WHAT THE TASK ASKS:
In how many lines of the records does the string "past" appear? State only the number.

Stored data entries:
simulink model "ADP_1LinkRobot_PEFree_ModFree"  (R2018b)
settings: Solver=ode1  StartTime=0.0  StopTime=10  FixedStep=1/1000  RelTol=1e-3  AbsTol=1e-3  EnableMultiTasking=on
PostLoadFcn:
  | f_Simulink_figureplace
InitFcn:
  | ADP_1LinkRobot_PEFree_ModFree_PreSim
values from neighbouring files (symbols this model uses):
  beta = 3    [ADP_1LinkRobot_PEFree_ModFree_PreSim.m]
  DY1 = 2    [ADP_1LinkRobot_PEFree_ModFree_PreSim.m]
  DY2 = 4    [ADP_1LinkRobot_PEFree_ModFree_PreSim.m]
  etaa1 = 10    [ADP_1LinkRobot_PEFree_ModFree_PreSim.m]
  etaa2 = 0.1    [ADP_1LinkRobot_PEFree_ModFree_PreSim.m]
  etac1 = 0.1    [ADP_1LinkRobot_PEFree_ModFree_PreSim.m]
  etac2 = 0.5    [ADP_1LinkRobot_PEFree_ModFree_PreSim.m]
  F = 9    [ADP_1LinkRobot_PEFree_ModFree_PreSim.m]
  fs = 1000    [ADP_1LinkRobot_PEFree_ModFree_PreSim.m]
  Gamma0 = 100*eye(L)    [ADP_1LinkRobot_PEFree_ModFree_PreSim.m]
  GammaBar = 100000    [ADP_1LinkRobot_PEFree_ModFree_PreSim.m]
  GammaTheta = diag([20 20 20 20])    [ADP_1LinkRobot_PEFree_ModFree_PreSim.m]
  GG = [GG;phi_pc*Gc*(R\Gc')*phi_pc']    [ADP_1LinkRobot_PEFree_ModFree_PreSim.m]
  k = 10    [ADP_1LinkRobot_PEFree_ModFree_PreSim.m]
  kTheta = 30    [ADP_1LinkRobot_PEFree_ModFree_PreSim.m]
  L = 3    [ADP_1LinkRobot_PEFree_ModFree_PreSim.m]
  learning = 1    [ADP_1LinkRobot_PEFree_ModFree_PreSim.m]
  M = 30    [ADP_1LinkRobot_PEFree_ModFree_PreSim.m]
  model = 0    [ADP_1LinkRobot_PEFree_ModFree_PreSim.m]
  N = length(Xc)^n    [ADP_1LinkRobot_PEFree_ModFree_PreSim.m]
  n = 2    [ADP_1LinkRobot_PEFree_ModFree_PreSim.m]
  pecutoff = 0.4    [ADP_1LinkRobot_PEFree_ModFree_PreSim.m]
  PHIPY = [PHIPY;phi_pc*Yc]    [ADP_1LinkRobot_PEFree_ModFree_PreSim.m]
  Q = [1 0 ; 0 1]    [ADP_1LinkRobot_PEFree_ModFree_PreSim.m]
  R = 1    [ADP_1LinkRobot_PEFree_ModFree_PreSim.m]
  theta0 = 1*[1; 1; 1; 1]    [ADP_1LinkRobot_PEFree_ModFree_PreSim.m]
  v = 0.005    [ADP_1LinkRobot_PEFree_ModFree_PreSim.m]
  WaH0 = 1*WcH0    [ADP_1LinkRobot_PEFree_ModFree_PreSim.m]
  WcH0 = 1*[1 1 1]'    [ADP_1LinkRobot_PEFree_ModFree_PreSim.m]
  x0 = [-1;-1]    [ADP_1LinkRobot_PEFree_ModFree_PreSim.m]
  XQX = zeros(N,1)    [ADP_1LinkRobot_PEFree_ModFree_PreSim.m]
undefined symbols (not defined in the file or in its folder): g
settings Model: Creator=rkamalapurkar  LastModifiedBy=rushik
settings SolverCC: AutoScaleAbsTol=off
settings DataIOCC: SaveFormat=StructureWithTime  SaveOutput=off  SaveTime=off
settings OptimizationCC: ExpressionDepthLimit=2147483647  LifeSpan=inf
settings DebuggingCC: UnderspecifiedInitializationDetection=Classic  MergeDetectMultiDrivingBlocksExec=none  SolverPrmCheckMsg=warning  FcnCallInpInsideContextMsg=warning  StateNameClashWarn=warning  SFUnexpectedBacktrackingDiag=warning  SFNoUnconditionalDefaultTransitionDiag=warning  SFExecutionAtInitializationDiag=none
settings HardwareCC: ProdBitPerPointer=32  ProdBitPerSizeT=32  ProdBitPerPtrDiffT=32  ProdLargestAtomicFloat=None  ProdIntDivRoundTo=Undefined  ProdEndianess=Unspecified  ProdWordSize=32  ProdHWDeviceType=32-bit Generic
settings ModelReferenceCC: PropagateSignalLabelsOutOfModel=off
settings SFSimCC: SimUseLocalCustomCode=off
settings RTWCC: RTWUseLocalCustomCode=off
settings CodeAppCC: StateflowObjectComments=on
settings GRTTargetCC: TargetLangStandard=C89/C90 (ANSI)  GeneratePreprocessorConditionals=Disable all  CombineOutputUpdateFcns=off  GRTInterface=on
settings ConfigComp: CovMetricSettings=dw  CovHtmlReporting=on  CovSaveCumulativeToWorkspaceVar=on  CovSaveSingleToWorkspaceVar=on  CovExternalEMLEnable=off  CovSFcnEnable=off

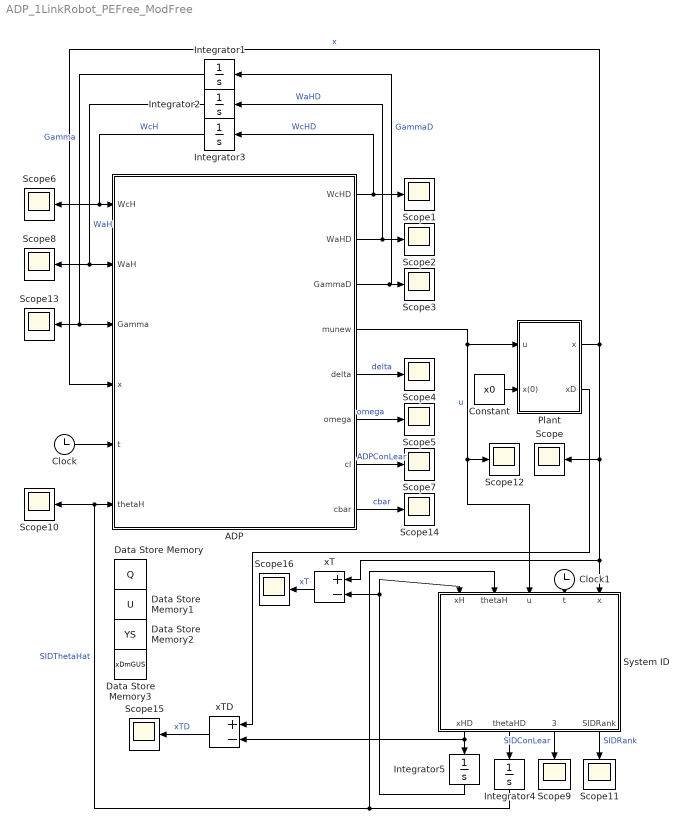
== system ADP_1LinkRobot_PEFree_ModFree ==
  ADP : MATLAB Function  TreatAsAtomicUnit=on
  Clock : Clock
  Clock1 : Clock
  Constant : Constant  Value=x0
  Data Store Memory : DataStoreMemory  DataStoreName=Q  InitialValue=zeros(n,F)  ShowAdditionalParam=off  OutDataTypeStr=double
  Data Store Memory1 : DataStoreMemory  DataStoreName=U  InitialValue=zeros(1,(F+1)/2)  ShowAdditionalParam=off  OutDataTypeStr=double
  Data Store Memory2 : DataStoreMemory  DataStoreName=YS  InitialValue=zeros(DY2,DY1*M)  ShowAdditionalParam=off  OutDataTypeStr=double
  Data Store Memory3 : DataStoreMemory  DataStoreName=xDmGUS  InitialValue=zeros(n,M)  ShowAdditionalParam=off  OutDataTypeStr=double
  Integrator1 : Integrator  InitialCondition=Gamma0
  Integrator2 : Integrator  InitialCondition=WaH0
  Integrator3 : Integrator  InitialCondition=WcH0
  Integrator4 : Integrator  InitialCondition=theta0
  Integrator5 : Integrator  InitialCondition=zeros(n,1)
  Plant : Subsystem
  Scope{,1..16} (17 alike) : Scope
  System ID : MATLAB Function  TreatAsAtomicUnit=on
  xT : Sum  Inputs=+-
  xTD : Sum  Inputs=+-
  wires:
  ADP/3(GammaD) -> Integrator1/1, Scope3/1  "GammaD"
  ADP/1(WcHD) -> Scope1/1, Integrator3/1  "WcHD"
  Integrator3/1 -> Scope6/1, ADP/1(WcH)  "WcH"
  ADP/2(WaHD) -> Integrator2/1, Scope2/1  "WaHD"
  Integrator2/1 -> ADP/2(WaH), Scope8/1  "WaH"
  ADP/5(delta) -> Scope4/1  "delta"
  ADP/6(omega) -> Scope5/1  "omega"
  Integrator1/1 -> Scope13/1, ADP/3(Gamma)  "Gamma"
  Clock/1 -> ADP/5(t)
  ADP/4(munew) -> System ID/3(u), Scope12/1, Plant/1(u)  "u"
  ADP/7(cl) -> Scope7/1  "ADPConLear"
  Integrator4/1 -> Scope10/1, ADP/6(thetaH), System ID/2(thetaH)  "SIDThetaHat"
  Plant/1(x) -> ADP/4(x), xT/1, System ID/5(x), Scope/1  "x"
  Constant/1 -> Plant/2(x(0))
  System ID/1(xHD) -> xTD/2, Integrator5/1
  Integrator5/1 -> xT/2, System ID/1(xH)
  System ID/4(SIDRank) -> Scope11/1  "SIDRank"
  System ID/3(SIDConLear) -> Scope9/1  "SIDConLear"
  System ID/2(thetaHD) -> Integrator4/1
  Clock1/1 -> System ID/4(t)
  ADP/8(cbar) -> Scope14/1  "cbar"
  Plant/2(xD) -> xTD/1
  xTD/1 -> Scope15/1  "xTD"
  xT/1 -> Scope16/1  "xT"

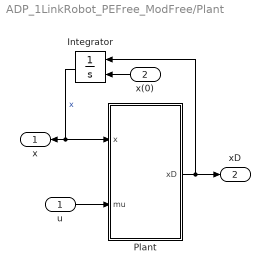
== system ADP_1LinkRobot_PEFree_ModFree/Plant ==
  u : Inport
  x(0) : Inport  Port=2
  Integrator : Integrator  InitialConditionSource=external  InitialCondition=[1;1;0.0;0.0]
  Plant : MATLAB Function  TreatAsAtomicUnit=on
  x : Outport
  xD : Outport  Port=2
  wires:
  Plant/1(xD) -> Integrator/1, xD/1
  Integrator/1 -> Plant/1(x), x/1  "x"
  u/1 -> Plant/2(mu)
  x(0)/1 -> Integrator/2

== matlab function ADP_1LinkRobot_PEFree_ModFree/Plant/Plant ==
  data: xD output; x input; mu input
function xD = dynamics(x,mu)
%#codegen
F=[-x(1)+x(2) ;-0.5*x(1)-0.5*x(2)*(1-(cos(2*x(1))+2)^2)];
G=[0; (cos(2*x(1))+2)];
xD = F+G*mu;

== matlab function ADP_1LinkRobot_PEFree_ModFree/ADP ==
  data: WcH input; WaH input; Gamma input; x input; t input; thetaH input; tf parameter; R parameter; Q parameter; etaa1 parameter; etaa2 parameter; etac1 parameter; etac2 parameter; v parameter; XQX parameter; GG parameter; PHIPY parameter; N parameter; pecutoff parameter; learning parameter; WcHD output; WaHD output; GammaD output; munew output; delta output; omega output; cl output; model parameter; L parameter; beta parameter; GammaBar parameter; cbar output
function [WcHD,WaHD,GammaD,munew,delta,omega,cl,cbar]=...
    control(WcH,WaH,Gamma,x,t,thetaH,tf,R,Q,etaa1,etaa2,...
    etac1,etac2,v,XQX,GG,PHIPY,N,pecutoff,learning,model,L,beta,GammaBar)
%#codegen
thetaS=[-1 1 -0.5 -0.5]'; % True values of SysID Parameters

G = [0 ; (cos(2*x(1))+2)];
Y = [x(1) x(2) 0 0;0 0 x(1) x(2)*(1-(cos(2*x(1))+2)^2)];

phi_p =[2*x(1) 0; x(2) x(1); 0 2*x(2)];

mu=-0.5*(R\G')*phi_p'*WaH;
% pe = sin(2*pi*t) + sin(exp(1)*t) + cos(5*t)^5 ;
pe = (sin(t)^2*cos(t)+sin(2*t)^2*cos(0.1*t)+sin(-1.2*t)^2*cos(0.5*t)+sin(t)^5);
munew = mu + pe*(t<=tf*pecutoff)*(learning==2);

theta = thetaS*(model==1) + thetaH*(model~=1);
%% Concurrent Learning

GGWaH = reshape(GG*WaH,L,N);
PHIPYtheta = reshape(PHIPY*theta,L,N);
deltac = (PHIPYtheta')*WcH + XQX-(1/2)*(GGWaH'*WcH)+(1/4)*(GGWaH'*WaH);
Omegac = (PHIPYtheta-(1/2)*(GGWaH));
normm=1./(1.+v.*dot(Omegac.',Omegac.'*Gamma.',2));
cbar = real(min(eig(Omegac*diag(normm)*Omegac')));
cl = (-etac2*Gamma*Omegac*diag(normm)*deltac/N)*(learning==1);

%% ADP
omega = phi_p*(Y*theta+G*mu);
Gsigma = phi_p*G*(R\G')*phi_p';
r = x'*Q*x + mu'*R*mu;
delta = WcH'*omega + r;
rho = (1+v*omega'*(Gamma)*omega);
WcHD = (-etac1*Gamma*omega*delta/rho+cl);
GammaD = (beta*Gamma-Gamma*(omega*omega'/rho^2)*Gamma)*(norm(Gamma)<=GammaBar);
WaHD = etaa1*(WcH-WaH)...
    +(-etaa2*WaH+etac1*Gsigma'*WaH*omega'*WcH/(4*rho))*(learning==1)...
    +(etac2*GGWaH*(Omegac*diag(normm))'*WcH/(4*N))*(learning==1);

== matlab function ADP_1LinkRobot_PEFree_ModFree/System ID ==
  settings: updateMethod=DISCRETE
  data: xH input; xHD output; thetaH input; thetaHD output; u input; SIDConLear output; SIDRank output; t input; x input; k parameter; GammaTheta parameter; M parameter; Q data_store_memory; fs parameter; F parameter; g parameter; YS data_store_memory; xDmGUS data_store_memory; U data_store_memory; DY1 parameter; kTheta parameter
function [xHD,thetaHD,SIDConLear,SIDRank] = SysID(xH,thetaH,u,t,x,k,...
    GammaTheta,M,fs,F,g,DY1,kTheta)
%#codegen
% This simulink block implements concurrent-learning based system
% identification using a Savitzky–Golay smoothing filter for state
% derivative computation. 
% fs: Sampling frequency
% M: number of stored data points
% F: Savitzky–Golay filter window length
% g: Savitzky–Golay filter differentiation matrix

global Q; % Data store memory for storing the values of x
global U; % Data store memory for storing the values of u
global YS; % Data store memory for storing the values of Y,
           % made of Y' matrices stacked in a row
global xDmGUS; % Data store memory for storing the values of xDot - G*u

n=round(t*fs)+1; % Current iteration number

xT = x-xH; % XTilde

%Dynamics
G = [0 ; cos(2*x(1))+2];
Y = [x(1) x(2) 0 0 ;0 0 x(1) x(2)*(1-(cos(2*x(1))+2)^2)];

% For the first M points, store the values of Y and G*u
if n<=M
    YS(:,DY1*n-(DY1-1):DY1*n)=Y';
    xDmGUS(:,n)=G*u; % This will be subtracted from xDot later.
end

% At every time n store the past F values of the state. Note that 
% Q*g(:,2)/(1/fs) gives the state derivative at n-(F-1)/2
if n<=F
    Q(:,n)=x;
else
    Q = [Q(:,2:F) x];
end

% At every time n store the past (F+1)/2 values of the control. Actually, 
% we only need the value of u at n-(F-1)/2. However, I could not find a way
% to store just that single value. Also, even if U is initialized as a row
% vector, MATLAB seems to think its a column.
if n<=(F+1)/2
    U(n)=u;
else
    U = [U(2:(F+1)/2); u];
end

% Since the state derivative information is only available if n>=F and at 
% each time n, we can compute the state derivative evaluated at time 
% n-(F-1)/2, at time M+(F-1)/2, we we can evaluate the values of the state
% derivative at time steps from F-(F-1)/2 to M. Which in turn means that at
% this point we have M-(F+1)/2 usable values of XDot - G*u in the data
% store xDnGUs. The first (F-1)/2 values in xDmGUS are not usable.

index=0; 
nSt = (F+1)/2; % This is the starting index of usable values (=1+(F-1)/2)
if n<=M+(F-1)/2
    if n>=F % 
        xDj=Q*g(:,2)/(1/fs); % This is the state derivative at n-(F-1)/2
        xDmGUS(:,(n-(F-1)/2))=xDj-xDmGUS(:,(n-(F-1)/2));
    end
else 
    
% When n>M+(F-1)/2, use singular value maximization algorithm to replace
% elements of YS and XDmGUS with new data. At each time n, the value of the 
% state at n-(F-1)/2 can be found in Q(:,(F+1)/2)
    xj=Q(:,(F+1)/2); 
    Yj = [xj(1) xj(2) 0 0;0 0 xj(1) xj(2)*(1-(cos(2*xj(1))+2)^2)];
    REGste1 = YS(:,DY1*nSt-(DY1-1):DY1*M)*YS(:,DY1*nSt-(DY1-1):DY1*M)';
    svd1=min(svd(REGste1)); % Minimum singular value of existing data
    for i=nSt:M
        te=YS; % Store existing data in a temporary variable
        te(:,DY1*i-(DY1-1):DY1*i)=Yj'; % Replac i'th Y' matrix with Yj'
        REGste2 = te(:,DY1*nSt-(DY1-1):DY1*M)*te(:,DY1*nSt-(DY1-1):DY1*M)';
        svd2=min(svd(REGste2)); % Minimum singular value after replacement
        if svd1<svd2   % If replacement results in a higher singular value,
            index=i;   % note the index of replacement and
            svd1=svd2; % keep searching for an even higher singular value.          
        end
    end
    
% At this point, index points to the matrix Y' in the stack YS which, when
% replaced with the new matrix Yj', results in the highest singular value.
% If index=0, the new data point is discarded. Otherwise, the stack YS, and
% correspondingly the stack xDmGUS is updated with the new data point. Note
% that since there is a delay of (F-1)/2 for derivative computation, the
% "new" data point we are talking about is the one that was recorded 
% (F-1)/2 steps ago.
    if index ~= 0
        YS(:,DY1*index-(DY1-1):DY1*index)=Yj';
        uj=U(1,1);
        xDj=Q*g(:,2)/(1/fs);
        Gj = [0 ; cos(2*xj(1))+2];
        xDmGUS(:,index)=xDj-Gj*uj;
    end
end

xHD = Y*thetaH + G*u + k*xT;

% Find the index nEn of the last usable data point. This is only relevent 
% when n <= M+(F-1)/2. Otherwise, nEn = M.
nEn = nSt;
if n<=M+(F-1)/2 && n>=F
    nEn = n-(F-1)/2;
elseif n>M+(F-1)/2
    nEn=M; 
end
nEn = min(nEn,M);

% Final computation for the concurrent learning-based component of the
% adaptive update law. The concurrent learning component is zero for the
% first F timesteps.
REGs = YS(:,DY1*nSt-(DY1-1):DY1*nEn)*YS(:,DY1*nSt-(DY1-1):DY1*nEn)'*(n>=F);
SIDRank = min(svd(REGs)); % For plots
REG1s = YS(:,DY1*nSt-(DY1-1):DY1*nEn)*...
    reshape(xDmGUS(:,nSt:nEn),DY1*(nEn-nSt+1),1)*(n>=F);
SIDConLear = (REG1s-REGs*thetaH)/(nEn-nSt+1);
thetaHD = 0*GammaTheta*Y'*xT + kTheta*GammaTheta*SIDConLear;

EXERCISE OUTPUT:
2